Items from a dataset:
^^^^^^^^

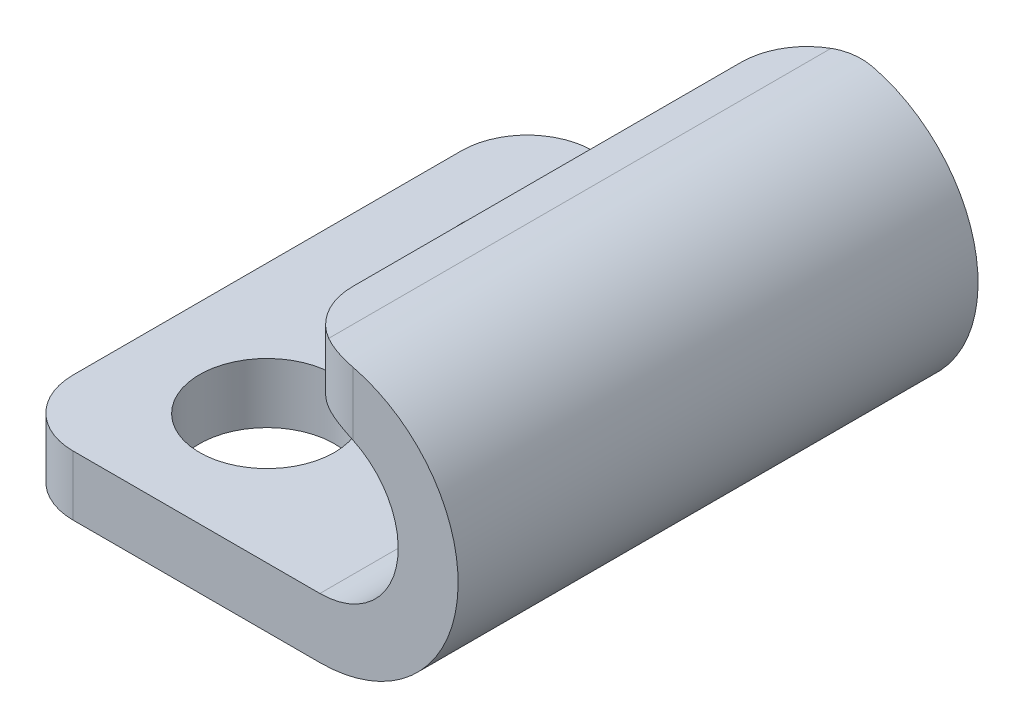
ISO-10303-21;
HEADER;
FILE_DESCRIPTION(('STEP AP214'),'2;1');
FILE_NAME('part.step','',(''),(''),'','','');
FILE_SCHEMA(('AUTOMOTIVE_DESIGN { 1 0 10303 214 1 1 1 1 }'));
ENDSEC;
DATA;
#1=APPLICATION_CONTEXT('core data for automotive mechanical design processes');
#2=APPLICATION_PROTOCOL_DEFINITION('international standard','automotive_design',2000,#1);
#3=PRODUCT_CONTEXT('',#1,'mechanical');
#4=PRODUCT('Part','Part','',(#3));
#5=PRODUCT_RELATED_PRODUCT_CATEGORY('part','',(#4));
#6=PRODUCT_DEFINITION_FORMATION('','',#4);
#7=PRODUCT_DEFINITION_CONTEXT('part definition',#1,'design');
#8=PRODUCT_DEFINITION('design','',#6,#7);
#9=PRODUCT_DEFINITION_SHAPE('','',#8);
#10=(LENGTH_UNIT() NAMED_UNIT(*) SI_UNIT(.MILLI.,.METRE.));
#11=(NAMED_UNIT(*) PLANE_ANGLE_UNIT() SI_UNIT($,.RADIAN.));
#12=(NAMED_UNIT(*) SI_UNIT($,.STERADIAN.) SOLID_ANGLE_UNIT());
#13=UNCERTAINTY_MEASURE_WITH_UNIT(LENGTH_MEASURE(1.E-05),#10,'distance_accuracy_value','');
#14=(GEOMETRIC_REPRESENTATION_CONTEXT(3) GLOBAL_UNCERTAINTY_ASSIGNED_CONTEXT((#13)) GLOBAL_UNIT_ASSIGNED_CONTEXT((#10,
#11,#12)) REPRESENTATION_CONTEXT('',''));
#15=CARTESIAN_POINT('',(0.,0.,0.));
#16=DIRECTION('',(0.,0.,1.));
#17=DIRECTION('',(1.,0.,0.));
#18=AXIS2_PLACEMENT_3D('',#15,#16,#17);
#19=CARTESIAN_POINT('',(-30.98252,-1.35000000000001,7.9));
#20=DIRECTION('',(0.,-1.,0.));
#21=DIRECTION('',(0.,0.,-1.));
#22=AXIS2_PLACEMENT_3D('',#19,#20,#21);
#23=PLANE('',#22);
#24=DIRECTION('',(0.,0.,-1.));
#25=VECTOR('',#24,1.);
#26=CARTESIAN_POINT('',(-30.98252,-1.35000000000001,7.9));
#27=LINE('',#26,#25);
#28=CARTESIAN_POINT('',(-30.98252,-1.35000000000001,7.63205080756888));
#29=VERTEX_POINT('',#28);
#30=CARTESIAN_POINT('',(-30.98252,-1.35000000000001,-7.63205080756888));
#31=VERTEX_POINT('',#30);
#32=EDGE_CURVE('E172',#29,#31,#27,.T.);
#33=ORIENTED_EDGE('',*,*,#32,.T.);
#34=CARTESIAN_POINT('',(-29.98252,-1.35000000000001,-5.9));
#35=DIRECTION('',(0.,-1.,0.));
#36=DIRECTION('',(0.,0.,-1.));
#37=AXIS2_PLACEMENT_3D('',#34,#35,#36);
#38=CIRCLE('',#37,2.);
#39=CARTESIAN_POINT('',(-31.98252,-1.35000000000001,-5.9));
#40=VERTEX_POINT('',#39);
#41=EDGE_CURVE('E282',#31,#40,#38,.F.);
#42=ORIENTED_EDGE('',*,*,#41,.T.);
#43=DIRECTION('',(0.,0.,-1.));
#44=VECTOR('',#43,1.);
#45=CARTESIAN_POINT('',(-31.98252,-1.35000000000001,7.9));
#46=LINE('',#45,#44);
#47=CARTESIAN_POINT('',(-31.98252,-1.35000000000001,5.9));
#48=VERTEX_POINT('',#47);
#49=EDGE_CURVE('E190',#48,#40,#46,.T.);
#50=ORIENTED_EDGE('',*,*,#49,.F.);
#51=CARTESIAN_POINT('',(-29.98252,-1.35000000000001,5.9));
#52=DIRECTION('',(0.,-1.,0.));
#53=DIRECTION('',(0.,0.,-1.));
#54=AXIS2_PLACEMENT_3D('',#51,#52,#53);
#55=CIRCLE('',#54,2.);
#56=EDGE_CURVE('E294',#48,#29,#55,.F.);
#57=ORIENTED_EDGE('',*,*,#56,.T.);
#58=EDGE_LOOP('',(#33,#42,#50,#57));
#59=FACE_BOUND('',#58,.T.);
#60=ADVANCED_FACE('F43',(#59),#23,.F.);
#61=CARTESIAN_POINT('',(-31.98252,-3.17000000000001,7.9));
#62=DIRECTION('',(-1.,0.,0.));
#63=DIRECTION('',(0.,0.,1.));
#64=AXIS2_PLACEMENT_3D('',#61,#62,#63);
#65=PLANE('',#64);
#66=ORIENTED_EDGE('',*,*,#49,.T.);
#67=DIRECTION('',(0.,1.,0.));
#68=VECTOR('',#67,1.);
#69=CARTESIAN_POINT('',(-31.98252,-3.17000000000001,-5.9));
#70=LINE('',#69,#68);
#71=CARTESIAN_POINT('',(-31.98252,-3.17000000000001,-5.9));
#72=VERTEX_POINT('',#71);
#73=EDGE_CURVE('E277',#40,#72,#70,.F.);
#74=ORIENTED_EDGE('',*,*,#73,.T.);
#75=DIRECTION('',(0.,0.,-1.));
#76=VECTOR('',#75,1.);
#77=CARTESIAN_POINT('',(-31.98252,-3.17000000000001,7.9));
#78=LINE('',#77,#76);
#79=CARTESIAN_POINT('',(-31.98252,-3.17000000000001,5.9));
#80=VERTEX_POINT('',#79);
#81=EDGE_CURVE('E187',#80,#72,#78,.T.);
#82=ORIENTED_EDGE('',*,*,#81,.F.);
#83=DIRECTION('',(0.,1.,0.));
#84=VECTOR('',#83,1.);
#85=CARTESIAN_POINT('',(-31.98252,-3.17000000000001,5.9));
#86=LINE('',#85,#84);
#87=EDGE_CURVE('E279',#80,#48,#86,.T.);
#88=ORIENTED_EDGE('',*,*,#87,.T.);
#89=EDGE_LOOP('',(#66,#74,#82,#88));
#90=FACE_BOUND('',#89,.T.);
#91=ADVANCED_FACE('F264',(#90),#65,.T.);
#92=CARTESIAN_POINT('',(-30.98252,-3.17000000000001,7.9));
#93=DIRECTION('',(0.,-1.,0.));
#94=DIRECTION('',(0.,0.,-1.));
#95=AXIS2_PLACEMENT_3D('',#92,#93,#94);
#96=PLANE('',#95);
#97=ORIENTED_EDGE('',*,*,#81,.T.);
#98=CARTESIAN_POINT('',(-29.98252,-3.17000000000001,-5.9));
#99=DIRECTION('',(0.,-1.,0.));
#100=DIRECTION('',(0.,0.,-1.));
#101=AXIS2_PLACEMENT_3D('',#98,#99,#100);
#102=CIRCLE('',#101,2.);
#103=CARTESIAN_POINT('',(-30.98252,-3.17000000000001,-7.63205080756888));
#104=VERTEX_POINT('',#103);
#105=EDGE_CURVE('E284',#72,#104,#102,.T.);
#106=ORIENTED_EDGE('',*,*,#105,.T.);
#107=DIRECTION('',(0.,0.,-1.));
#108=VECTOR('',#107,1.);
#109=CARTESIAN_POINT('',(-30.98252,-3.17000000000001,7.9));
#110=LINE('',#109,#108);
#111=CARTESIAN_POINT('',(-30.98252,-3.17000000000001,7.63205080756888));
#112=VERTEX_POINT('',#111);
#113=EDGE_CURVE('E153',#112,#104,#110,.T.);
#114=ORIENTED_EDGE('',*,*,#113,.F.);
#115=CARTESIAN_POINT('',(-29.98252,-3.17000000000001,5.9));
#116=DIRECTION('',(0.,-1.,0.));
#117=DIRECTION('',(0.,0.,-1.));
#118=AXIS2_PLACEMENT_3D('',#115,#116,#117);
#119=CIRCLE('',#118,2.);
#120=EDGE_CURVE('E285',#112,#80,#119,.T.);
#121=ORIENTED_EDGE('',*,*,#120,.T.);
#122=EDGE_LOOP('',(#97,#106,#114,#121));
#123=FACE_BOUND('',#122,.T.);
#124=ADVANCED_FACE('F238',(#123),#96,.T.);
#125=CARTESIAN_POINT('',(-30.98252,-5.55000000000001,7.9));
#126=DIRECTION('',(0.,0.,-1.));
#127=DIRECTION('',(-1.,0.,0.));
#128=AXIS2_PLACEMENT_3D('',#125,#126,#127);
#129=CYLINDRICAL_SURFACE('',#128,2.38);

^^^^^^^^

### Task directions
Lines from the one containing "#108=VECTOR('',#107,1.);" to the last line above, both included: copy these exactly and write nothing else.

### Solved exercise
#108=VECTOR('',#107,1.);
#109=CARTESIAN_POINT('',(-30.98252,-3.17000000000001,7.9));
#110=LINE('',#109,#108);
#111=CARTESIAN_POINT('',(-30.98252,-3.17000000000001,7.63205080756888));
#112=VERTEX_POINT('',#111);
#113=EDGE_CURVE('E153',#112,#104,#110,.T.);
#114=ORIENTED_EDGE('',*,*,#113,.F.);
#115=CARTESIAN_POINT('',(-29.98252,-3.17000000000001,5.9));
#116=DIRECTION('',(0.,-1.,0.));
#117=DIRECTION('',(0.,0.,-1.));
#118=AXIS2_PLACEMENT_3D('',#115,#116,#117);
#119=CIRCLE('',#118,2.);
#120=EDGE_CURVE('E285',#112,#80,#119,.T.);
#121=ORIENTED_EDGE('',*,*,#120,.T.);
#122=EDGE_LOOP('',(#97,#106,#114,#121));
#123=FACE_BOUND('',#122,.T.);
#124=ADVANCED_FACE('F238',(#123),#96,.T.);
#125=CARTESIAN_POINT('',(-30.98252,-5.55000000000001,7.9));
#126=DIRECTION('',(0.,0.,-1.));
#127=DIRECTION('',(-1.,0.,0.));
#128=AXIS2_PLACEMENT_3D('',#125,#126,#127);
#129=CYLINDRICAL_SURFACE('',#128,2.38);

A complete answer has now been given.